Background: The involvement of fathers, and other supportive male adults, strongly promotes healthy child development, particularly among low-income children. Prior studies have reported challenges with engaging fathers in parenting interventions, yet little is known about the barriers to participation, particularly among fathers of color. Research from other domains, such as health care, mental health, and child welfare, has found perceived stigma to be a significant barrier to service use. However, there is currently no measure available to assess stigma among male caregivers in the context of parenting interventions, which greatly inhibits our ability to conduct research in this area. To address these gaps, this study had two objectives: (1) to adapt a measure of stigma and examine its initial psychometric properties in a field test with primarily low-income, African-American fathers, and (2) to assess the perceived level of stigma associated with parental support among fathers offered a parenting support program.
Methods: Data were collected using a mixed methods approach as part of a larger study on a fatherhood support program. The Stigma Scale for Receiving Psychological Help (SSRPH) is a validated measure of stigma used to assess stigma as a barrier for receiving mental health services. An adapted version of the SSRPH was administered to fathers and father figures (N=83) involved in the lives of children receiving Head Start/Early Head Start services. The majority of fathers in the larger study were African American (84%). Instrument modifications included a brief statement regarding the meaning of “stigma” and the addition of father specific language to each item (e.g., “Seeking help or advice for problems related to being a father carries social stigma”). Cognitive interviews (N=10) were conducted with a sub-sample of fathers. Interviews focused on assessing respondents’ understanding of adapted SSRPH items, as well as perceptions of the term “father” throughout the instrument. Internal consistency reliability and confirmatory factor analysis (CFA) were used to assess psychometric properties of the scale.
Results: Cronbach’s alpha for the adapted SSRPH (a = .78) indicated a high degree of internal consistency, providing support for the use of this measure with our sample of fathers. The CFA supported the one-factor solution from the original scale. Interview data provided support for instrument adaptations, as some respondents indicated lack of “stigma” understanding without the addition of a definition. Interview data further indicated that inclusion of specific “father” language within the scale affected some respondents’ item interpretation. Survey data demonstrated that respondents did not associate a high degree of stigma with asking for or receiving parenting support.
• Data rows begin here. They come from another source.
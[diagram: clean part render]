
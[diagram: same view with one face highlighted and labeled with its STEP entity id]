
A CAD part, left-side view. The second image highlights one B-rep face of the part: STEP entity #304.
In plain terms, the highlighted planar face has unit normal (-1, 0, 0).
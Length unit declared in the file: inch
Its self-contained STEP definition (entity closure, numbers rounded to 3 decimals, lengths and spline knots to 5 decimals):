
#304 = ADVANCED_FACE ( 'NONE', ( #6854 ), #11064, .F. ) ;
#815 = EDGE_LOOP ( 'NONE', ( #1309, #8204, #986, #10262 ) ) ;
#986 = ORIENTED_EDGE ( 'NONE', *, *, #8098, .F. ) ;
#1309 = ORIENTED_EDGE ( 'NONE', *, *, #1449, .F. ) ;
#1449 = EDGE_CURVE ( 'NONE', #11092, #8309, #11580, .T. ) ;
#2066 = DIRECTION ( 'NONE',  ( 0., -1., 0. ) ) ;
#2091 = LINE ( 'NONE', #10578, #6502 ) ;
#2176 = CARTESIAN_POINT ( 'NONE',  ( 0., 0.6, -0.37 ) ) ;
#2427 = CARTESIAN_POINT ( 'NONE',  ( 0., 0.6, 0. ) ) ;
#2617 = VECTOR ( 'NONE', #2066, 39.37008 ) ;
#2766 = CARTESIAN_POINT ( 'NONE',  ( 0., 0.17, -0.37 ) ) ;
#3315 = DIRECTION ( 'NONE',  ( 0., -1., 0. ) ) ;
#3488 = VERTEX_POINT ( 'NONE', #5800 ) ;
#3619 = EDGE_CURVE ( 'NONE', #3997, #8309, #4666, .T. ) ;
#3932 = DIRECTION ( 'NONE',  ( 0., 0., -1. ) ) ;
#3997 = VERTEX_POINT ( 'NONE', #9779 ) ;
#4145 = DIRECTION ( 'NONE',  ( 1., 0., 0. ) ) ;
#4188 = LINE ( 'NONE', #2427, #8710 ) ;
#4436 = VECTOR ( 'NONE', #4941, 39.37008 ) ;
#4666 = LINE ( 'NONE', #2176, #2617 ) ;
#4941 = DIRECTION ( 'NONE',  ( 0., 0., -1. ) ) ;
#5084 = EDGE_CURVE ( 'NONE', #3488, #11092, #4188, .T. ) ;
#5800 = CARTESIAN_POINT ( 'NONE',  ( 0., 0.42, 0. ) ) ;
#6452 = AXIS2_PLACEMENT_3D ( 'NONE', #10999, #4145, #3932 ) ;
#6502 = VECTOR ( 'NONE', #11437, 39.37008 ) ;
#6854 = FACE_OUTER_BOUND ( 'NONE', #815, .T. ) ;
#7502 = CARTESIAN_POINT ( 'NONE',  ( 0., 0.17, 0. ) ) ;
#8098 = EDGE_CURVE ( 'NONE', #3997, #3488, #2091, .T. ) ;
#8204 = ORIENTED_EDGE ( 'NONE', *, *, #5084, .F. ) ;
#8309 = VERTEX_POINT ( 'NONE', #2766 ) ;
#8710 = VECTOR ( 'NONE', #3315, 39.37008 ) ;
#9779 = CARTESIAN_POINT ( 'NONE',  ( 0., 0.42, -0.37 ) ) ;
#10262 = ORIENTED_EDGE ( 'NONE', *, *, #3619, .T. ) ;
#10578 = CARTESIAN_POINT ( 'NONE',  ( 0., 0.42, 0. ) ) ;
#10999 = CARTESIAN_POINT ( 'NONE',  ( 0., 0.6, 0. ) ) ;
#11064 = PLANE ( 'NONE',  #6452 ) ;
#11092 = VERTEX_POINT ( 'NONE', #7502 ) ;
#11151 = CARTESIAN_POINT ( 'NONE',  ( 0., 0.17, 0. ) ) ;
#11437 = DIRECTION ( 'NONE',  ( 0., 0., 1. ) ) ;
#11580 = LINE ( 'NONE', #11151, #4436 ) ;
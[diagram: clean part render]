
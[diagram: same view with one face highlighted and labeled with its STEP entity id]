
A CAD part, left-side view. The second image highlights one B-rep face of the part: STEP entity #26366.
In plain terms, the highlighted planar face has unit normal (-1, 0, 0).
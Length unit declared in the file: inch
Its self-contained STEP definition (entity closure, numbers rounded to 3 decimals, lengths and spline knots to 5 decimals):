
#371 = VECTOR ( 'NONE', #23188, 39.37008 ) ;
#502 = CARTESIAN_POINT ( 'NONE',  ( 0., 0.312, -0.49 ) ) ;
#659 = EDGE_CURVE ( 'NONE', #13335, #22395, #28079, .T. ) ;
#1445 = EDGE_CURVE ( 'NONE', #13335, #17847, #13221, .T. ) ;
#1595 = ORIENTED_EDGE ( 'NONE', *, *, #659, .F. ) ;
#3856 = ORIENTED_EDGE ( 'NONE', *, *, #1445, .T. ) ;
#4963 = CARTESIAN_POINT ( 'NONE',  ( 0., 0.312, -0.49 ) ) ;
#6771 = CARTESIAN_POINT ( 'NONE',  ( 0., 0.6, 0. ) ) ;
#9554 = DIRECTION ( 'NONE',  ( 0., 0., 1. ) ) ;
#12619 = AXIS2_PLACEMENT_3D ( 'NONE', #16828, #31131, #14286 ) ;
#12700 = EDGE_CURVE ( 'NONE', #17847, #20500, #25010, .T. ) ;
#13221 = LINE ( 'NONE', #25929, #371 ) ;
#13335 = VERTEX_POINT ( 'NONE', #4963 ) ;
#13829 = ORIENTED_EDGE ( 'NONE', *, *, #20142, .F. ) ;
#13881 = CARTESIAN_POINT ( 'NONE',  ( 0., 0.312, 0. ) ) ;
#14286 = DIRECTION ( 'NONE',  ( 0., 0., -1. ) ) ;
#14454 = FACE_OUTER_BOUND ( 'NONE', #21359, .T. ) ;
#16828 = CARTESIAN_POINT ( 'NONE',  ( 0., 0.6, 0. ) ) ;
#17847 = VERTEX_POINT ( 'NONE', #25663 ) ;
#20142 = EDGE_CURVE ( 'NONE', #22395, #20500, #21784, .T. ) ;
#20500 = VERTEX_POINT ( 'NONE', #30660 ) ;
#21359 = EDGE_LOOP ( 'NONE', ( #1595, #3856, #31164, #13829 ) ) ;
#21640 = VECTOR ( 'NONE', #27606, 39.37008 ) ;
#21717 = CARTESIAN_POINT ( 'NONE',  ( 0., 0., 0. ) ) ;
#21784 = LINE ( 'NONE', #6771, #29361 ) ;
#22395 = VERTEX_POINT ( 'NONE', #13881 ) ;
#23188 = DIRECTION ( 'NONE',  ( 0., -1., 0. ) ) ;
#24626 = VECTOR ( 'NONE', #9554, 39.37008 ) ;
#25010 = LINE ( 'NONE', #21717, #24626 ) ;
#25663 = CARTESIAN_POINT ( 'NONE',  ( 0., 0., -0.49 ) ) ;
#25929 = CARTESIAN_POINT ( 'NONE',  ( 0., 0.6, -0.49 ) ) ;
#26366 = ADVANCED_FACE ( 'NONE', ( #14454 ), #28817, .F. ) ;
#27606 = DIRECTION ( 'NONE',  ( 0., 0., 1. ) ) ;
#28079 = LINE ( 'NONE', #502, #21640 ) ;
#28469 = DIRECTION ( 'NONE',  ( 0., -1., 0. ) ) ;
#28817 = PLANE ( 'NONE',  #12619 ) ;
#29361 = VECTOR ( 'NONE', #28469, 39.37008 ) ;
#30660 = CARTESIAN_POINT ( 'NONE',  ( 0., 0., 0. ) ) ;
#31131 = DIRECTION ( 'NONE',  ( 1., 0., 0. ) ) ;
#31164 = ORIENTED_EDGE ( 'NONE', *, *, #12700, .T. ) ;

Implications: The findings suggest that the adapted SSRPH is a useful instrument for assessing the stigma that fathers associate with parental support. Further, fathers in this sample perceived a low level of stigma associated with such support. This indicates that at least among fathers receiving parenting services through Head Start, stigma reduction strategies may not be needed to improve father engagement. Further research on engagement of fathers and father figures in parental support programs could examine additional barriers that impede their participation.